**Exercise aim:**
Look in the material below for the line with "data: U input;" and the line with "NB = -4; NM", then set down exactly those two lines and all lines between, nothing more.
═══
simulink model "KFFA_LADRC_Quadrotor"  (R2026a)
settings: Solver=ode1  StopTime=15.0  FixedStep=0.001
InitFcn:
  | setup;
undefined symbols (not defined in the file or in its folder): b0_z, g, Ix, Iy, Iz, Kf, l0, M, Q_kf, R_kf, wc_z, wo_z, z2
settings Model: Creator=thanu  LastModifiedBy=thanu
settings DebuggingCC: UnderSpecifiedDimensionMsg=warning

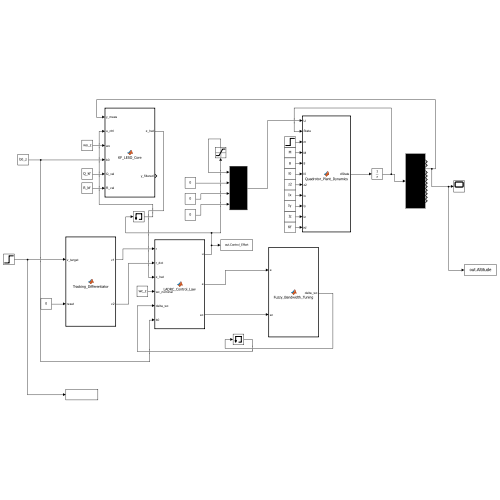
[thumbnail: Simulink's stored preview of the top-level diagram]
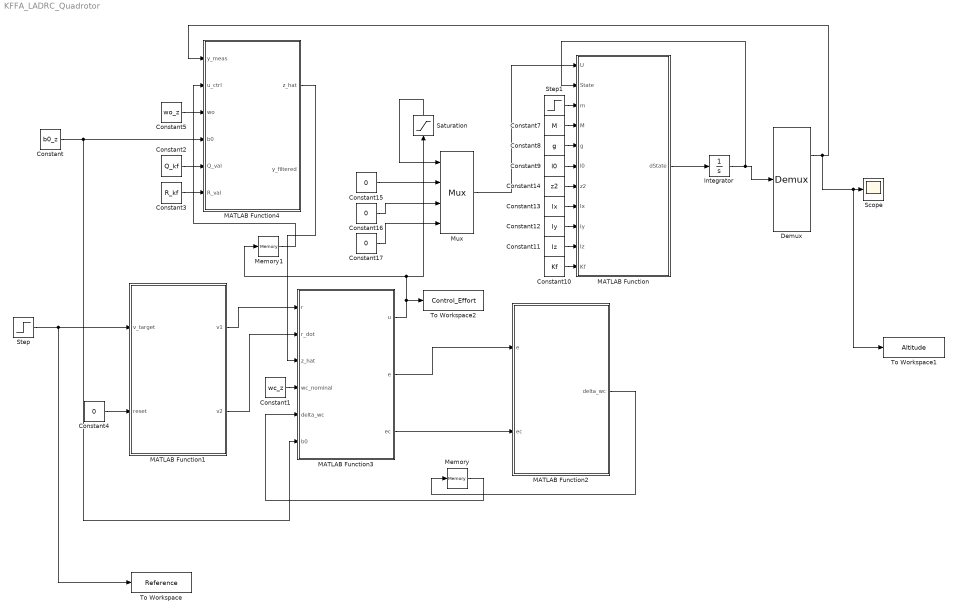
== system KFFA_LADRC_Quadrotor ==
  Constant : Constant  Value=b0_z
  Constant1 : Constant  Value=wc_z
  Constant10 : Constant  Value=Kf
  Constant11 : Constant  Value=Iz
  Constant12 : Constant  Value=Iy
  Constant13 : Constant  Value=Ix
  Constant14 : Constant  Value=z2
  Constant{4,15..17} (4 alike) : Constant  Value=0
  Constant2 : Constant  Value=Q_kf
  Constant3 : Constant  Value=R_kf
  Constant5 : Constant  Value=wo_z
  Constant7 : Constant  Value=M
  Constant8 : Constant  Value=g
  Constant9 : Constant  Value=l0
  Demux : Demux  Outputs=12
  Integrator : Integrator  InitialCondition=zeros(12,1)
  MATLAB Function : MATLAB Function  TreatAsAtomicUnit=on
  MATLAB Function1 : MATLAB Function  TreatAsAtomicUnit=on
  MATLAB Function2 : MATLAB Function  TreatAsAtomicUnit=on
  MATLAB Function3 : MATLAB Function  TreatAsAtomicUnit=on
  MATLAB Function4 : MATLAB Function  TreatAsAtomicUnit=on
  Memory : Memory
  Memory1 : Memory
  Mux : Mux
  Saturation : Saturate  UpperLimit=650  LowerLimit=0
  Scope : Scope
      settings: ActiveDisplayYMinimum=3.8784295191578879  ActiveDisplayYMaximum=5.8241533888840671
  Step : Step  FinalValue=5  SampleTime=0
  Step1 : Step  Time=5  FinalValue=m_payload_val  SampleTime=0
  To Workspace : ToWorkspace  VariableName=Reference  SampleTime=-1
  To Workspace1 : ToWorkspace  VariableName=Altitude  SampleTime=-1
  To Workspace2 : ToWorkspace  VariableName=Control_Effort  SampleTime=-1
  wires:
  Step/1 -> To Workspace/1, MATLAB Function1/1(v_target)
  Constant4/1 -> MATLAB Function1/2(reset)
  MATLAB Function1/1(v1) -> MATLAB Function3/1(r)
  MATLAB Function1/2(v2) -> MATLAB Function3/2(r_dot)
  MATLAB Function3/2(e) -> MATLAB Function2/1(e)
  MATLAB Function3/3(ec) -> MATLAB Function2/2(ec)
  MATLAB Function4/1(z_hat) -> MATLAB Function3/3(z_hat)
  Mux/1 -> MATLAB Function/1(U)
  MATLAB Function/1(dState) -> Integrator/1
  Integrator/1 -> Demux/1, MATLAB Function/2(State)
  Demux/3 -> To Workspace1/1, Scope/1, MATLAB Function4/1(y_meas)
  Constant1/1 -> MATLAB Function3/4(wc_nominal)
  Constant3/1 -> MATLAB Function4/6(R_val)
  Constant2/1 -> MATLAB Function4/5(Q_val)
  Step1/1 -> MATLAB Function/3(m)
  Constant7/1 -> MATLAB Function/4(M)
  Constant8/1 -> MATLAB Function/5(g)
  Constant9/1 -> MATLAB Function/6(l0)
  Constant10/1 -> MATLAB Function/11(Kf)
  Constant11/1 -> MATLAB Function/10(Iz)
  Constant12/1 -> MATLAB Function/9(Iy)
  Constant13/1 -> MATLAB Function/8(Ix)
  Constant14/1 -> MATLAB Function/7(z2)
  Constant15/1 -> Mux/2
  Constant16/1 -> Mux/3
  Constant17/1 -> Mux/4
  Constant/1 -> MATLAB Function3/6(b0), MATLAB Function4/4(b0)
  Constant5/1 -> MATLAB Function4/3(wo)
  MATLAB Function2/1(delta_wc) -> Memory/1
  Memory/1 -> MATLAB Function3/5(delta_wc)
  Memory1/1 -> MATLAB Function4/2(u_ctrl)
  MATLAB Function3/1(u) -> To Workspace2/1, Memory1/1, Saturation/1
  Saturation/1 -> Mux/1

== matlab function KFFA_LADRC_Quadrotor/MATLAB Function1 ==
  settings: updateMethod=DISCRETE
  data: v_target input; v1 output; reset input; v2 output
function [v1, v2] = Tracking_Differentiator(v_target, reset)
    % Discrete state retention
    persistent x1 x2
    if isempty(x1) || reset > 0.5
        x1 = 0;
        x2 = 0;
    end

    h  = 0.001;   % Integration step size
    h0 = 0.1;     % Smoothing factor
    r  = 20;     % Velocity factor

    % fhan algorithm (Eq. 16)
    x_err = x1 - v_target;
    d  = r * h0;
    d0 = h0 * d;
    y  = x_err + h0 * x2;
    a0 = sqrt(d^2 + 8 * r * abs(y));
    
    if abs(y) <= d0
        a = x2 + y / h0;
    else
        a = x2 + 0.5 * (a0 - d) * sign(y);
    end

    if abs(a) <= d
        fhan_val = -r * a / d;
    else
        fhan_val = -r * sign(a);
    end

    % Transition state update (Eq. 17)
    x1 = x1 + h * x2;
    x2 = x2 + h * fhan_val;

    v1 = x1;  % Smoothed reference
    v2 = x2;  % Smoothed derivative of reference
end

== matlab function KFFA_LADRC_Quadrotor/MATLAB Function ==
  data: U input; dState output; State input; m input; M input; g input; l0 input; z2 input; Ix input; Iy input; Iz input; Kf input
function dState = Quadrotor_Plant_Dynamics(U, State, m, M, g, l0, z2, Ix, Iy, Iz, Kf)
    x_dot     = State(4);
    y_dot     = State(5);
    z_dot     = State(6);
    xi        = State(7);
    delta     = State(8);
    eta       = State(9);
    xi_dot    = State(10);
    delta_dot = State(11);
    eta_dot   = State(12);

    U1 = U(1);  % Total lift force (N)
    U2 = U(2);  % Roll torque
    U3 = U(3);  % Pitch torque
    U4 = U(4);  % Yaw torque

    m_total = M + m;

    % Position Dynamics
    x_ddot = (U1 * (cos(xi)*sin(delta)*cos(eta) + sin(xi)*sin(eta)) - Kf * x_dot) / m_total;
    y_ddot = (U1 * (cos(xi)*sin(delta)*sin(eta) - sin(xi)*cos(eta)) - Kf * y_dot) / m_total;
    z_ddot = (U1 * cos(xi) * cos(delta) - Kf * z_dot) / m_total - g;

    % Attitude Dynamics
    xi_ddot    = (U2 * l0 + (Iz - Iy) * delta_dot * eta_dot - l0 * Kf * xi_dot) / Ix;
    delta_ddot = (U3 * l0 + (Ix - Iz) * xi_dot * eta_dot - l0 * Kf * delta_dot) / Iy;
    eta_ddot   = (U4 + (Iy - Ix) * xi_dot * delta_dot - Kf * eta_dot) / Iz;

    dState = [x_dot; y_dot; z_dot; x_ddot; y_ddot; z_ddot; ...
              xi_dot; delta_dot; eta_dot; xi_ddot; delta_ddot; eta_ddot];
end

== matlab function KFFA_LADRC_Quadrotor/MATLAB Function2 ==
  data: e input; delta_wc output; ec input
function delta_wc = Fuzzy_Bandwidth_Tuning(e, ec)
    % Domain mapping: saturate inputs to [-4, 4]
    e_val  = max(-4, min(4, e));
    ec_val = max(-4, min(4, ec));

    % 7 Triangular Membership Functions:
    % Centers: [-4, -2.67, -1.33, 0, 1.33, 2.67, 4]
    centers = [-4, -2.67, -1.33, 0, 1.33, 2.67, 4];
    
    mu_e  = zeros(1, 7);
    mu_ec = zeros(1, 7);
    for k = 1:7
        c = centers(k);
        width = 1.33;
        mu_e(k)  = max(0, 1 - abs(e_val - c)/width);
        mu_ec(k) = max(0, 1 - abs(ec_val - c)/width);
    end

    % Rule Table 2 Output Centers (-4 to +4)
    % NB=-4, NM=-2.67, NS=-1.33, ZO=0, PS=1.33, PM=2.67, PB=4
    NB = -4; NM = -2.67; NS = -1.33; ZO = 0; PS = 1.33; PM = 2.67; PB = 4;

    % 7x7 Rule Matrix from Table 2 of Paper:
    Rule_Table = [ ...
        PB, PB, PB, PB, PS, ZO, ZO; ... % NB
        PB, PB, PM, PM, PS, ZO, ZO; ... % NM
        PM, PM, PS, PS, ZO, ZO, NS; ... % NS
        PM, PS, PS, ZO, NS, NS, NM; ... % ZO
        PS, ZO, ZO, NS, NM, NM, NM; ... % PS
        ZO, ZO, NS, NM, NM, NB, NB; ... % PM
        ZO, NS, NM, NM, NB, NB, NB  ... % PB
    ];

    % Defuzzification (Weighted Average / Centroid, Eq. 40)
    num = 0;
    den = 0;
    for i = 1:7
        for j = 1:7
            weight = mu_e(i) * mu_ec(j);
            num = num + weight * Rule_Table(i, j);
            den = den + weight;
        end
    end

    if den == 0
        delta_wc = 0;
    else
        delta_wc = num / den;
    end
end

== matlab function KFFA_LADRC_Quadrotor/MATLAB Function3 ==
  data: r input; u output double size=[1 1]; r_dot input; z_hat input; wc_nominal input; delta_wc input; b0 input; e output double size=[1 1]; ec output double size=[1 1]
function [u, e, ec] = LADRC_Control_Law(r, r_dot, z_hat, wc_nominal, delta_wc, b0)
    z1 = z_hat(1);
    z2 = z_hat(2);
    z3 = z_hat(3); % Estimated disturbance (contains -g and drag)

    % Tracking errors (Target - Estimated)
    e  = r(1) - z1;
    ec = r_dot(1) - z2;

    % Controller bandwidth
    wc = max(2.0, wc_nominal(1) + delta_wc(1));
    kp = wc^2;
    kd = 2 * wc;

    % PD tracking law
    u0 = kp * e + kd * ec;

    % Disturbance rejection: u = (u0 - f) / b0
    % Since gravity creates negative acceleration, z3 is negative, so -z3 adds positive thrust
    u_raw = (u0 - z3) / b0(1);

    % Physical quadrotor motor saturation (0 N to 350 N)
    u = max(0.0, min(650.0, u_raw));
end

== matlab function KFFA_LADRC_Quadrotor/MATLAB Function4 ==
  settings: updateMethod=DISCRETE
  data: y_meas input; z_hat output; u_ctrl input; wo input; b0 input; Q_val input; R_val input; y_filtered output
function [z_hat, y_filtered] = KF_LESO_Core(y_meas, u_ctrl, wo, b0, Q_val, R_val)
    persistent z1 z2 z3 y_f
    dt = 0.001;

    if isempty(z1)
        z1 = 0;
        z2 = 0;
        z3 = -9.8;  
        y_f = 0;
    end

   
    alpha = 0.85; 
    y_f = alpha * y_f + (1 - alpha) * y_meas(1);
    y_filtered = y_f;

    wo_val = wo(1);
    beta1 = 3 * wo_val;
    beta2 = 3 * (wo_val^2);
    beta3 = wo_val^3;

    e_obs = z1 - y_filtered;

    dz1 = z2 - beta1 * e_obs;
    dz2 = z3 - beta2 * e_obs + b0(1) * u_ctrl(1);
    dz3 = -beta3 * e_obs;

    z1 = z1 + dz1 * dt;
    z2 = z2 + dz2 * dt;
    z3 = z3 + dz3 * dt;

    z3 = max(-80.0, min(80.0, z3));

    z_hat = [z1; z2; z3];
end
═══
**Result for this exercise:**
  data: U input; dState output; State input; m input; M input; g input; l0 input; z2 input; Ix input; Iy input; Iz input; Kf input
function dState = Quadrotor_Plant_Dynamics(U, State, m, M, g, l0, z2, Ix, Iy, Iz, Kf)
    x_dot     = State(4);
    y_dot     = State(5);
    z_dot     = State(6);
    xi        = State(7);
    delta     = State(8);
    eta       = State(9);
    xi_dot    = State(10);
    delta_dot = State(11);
    eta_dot   = State(12);

    U1 = U(1);  % Total lift force (N)
    U2 = U(2);  % Roll torque
    U3 = U(3);  % Pitch torque
    U4 = U(4);  % Yaw torque

    m_total = M + m;

    % Position Dynamics
    x_ddot = (U1 * (cos(xi)*sin(delta)*cos(eta) + sin(xi)*sin(eta)) - Kf * x_dot) / m_total;
    y_ddot = (U1 * (cos(xi)*sin(delta)*sin(eta) - sin(xi)*cos(eta)) - Kf * y_dot) / m_total;
    z_ddot = (U1 * cos(xi) * cos(delta) - Kf * z_dot) / m_total - g;

    % Attitude Dynamics
    xi_ddot    = (U2 * l0 + (Iz - Iy) * delta_dot * eta_dot - l0 * Kf * xi_dot) / Ix;
    delta_ddot = (U3 * l0 + (Ix - Iz) * xi_dot * eta_dot - l0 * Kf * delta_dot) / Iy;
    eta_ddot   = (U4 + (Iy - Ix) * xi_dot * delta_dot - Kf * eta_dot) / Iz;

    dState = [x_dot; y_dot; z_dot; x_ddot; y_ddot; z_ddot; ...
              xi_dot; delta_dot; eta_dot; xi_ddot; delta_ddot; eta_ddot];
end

== matlab function KFFA_LADRC_Quadrotor/MATLAB Function2 ==
  data: e input; delta_wc output; ec input
function delta_wc = Fuzzy_Bandwidth_Tuning(e, ec)
    % Domain mapping: saturate inputs to [-4, 4]
    e_val  = max(-4, min(4, e));
    ec_val = max(-4, min(4, ec));

    % 7 Triangular Membership Functions:
    % Centers: [-4, -2.67, -1.33, 0, 1.33, 2.67, 4]
    centers = [-4, -2.67, -1.33, 0, 1.33, 2.67, 4];
    
    mu_e  = zeros(1, 7);
    mu_ec = zeros(1, 7);
    for k = 1:7
        c = centers(k);
        width = 1.33;
        mu_e(k)  = max(0, 1 - abs(e_val - c)/width);
        mu_ec(k) = max(0, 1 - abs(ec_val - c)/width);
    end

    % Rule Table 2 Output Centers (-4 to +4)
    % NB=-4, NM=-2.67, NS=-1.33, ZO=0, PS=1.33, PM=2.67, PB=4
    NB = -4; NM = -2.67; NS = -1.33; ZO = 0; PS = 1.33; PM = 2.67; PB = 4;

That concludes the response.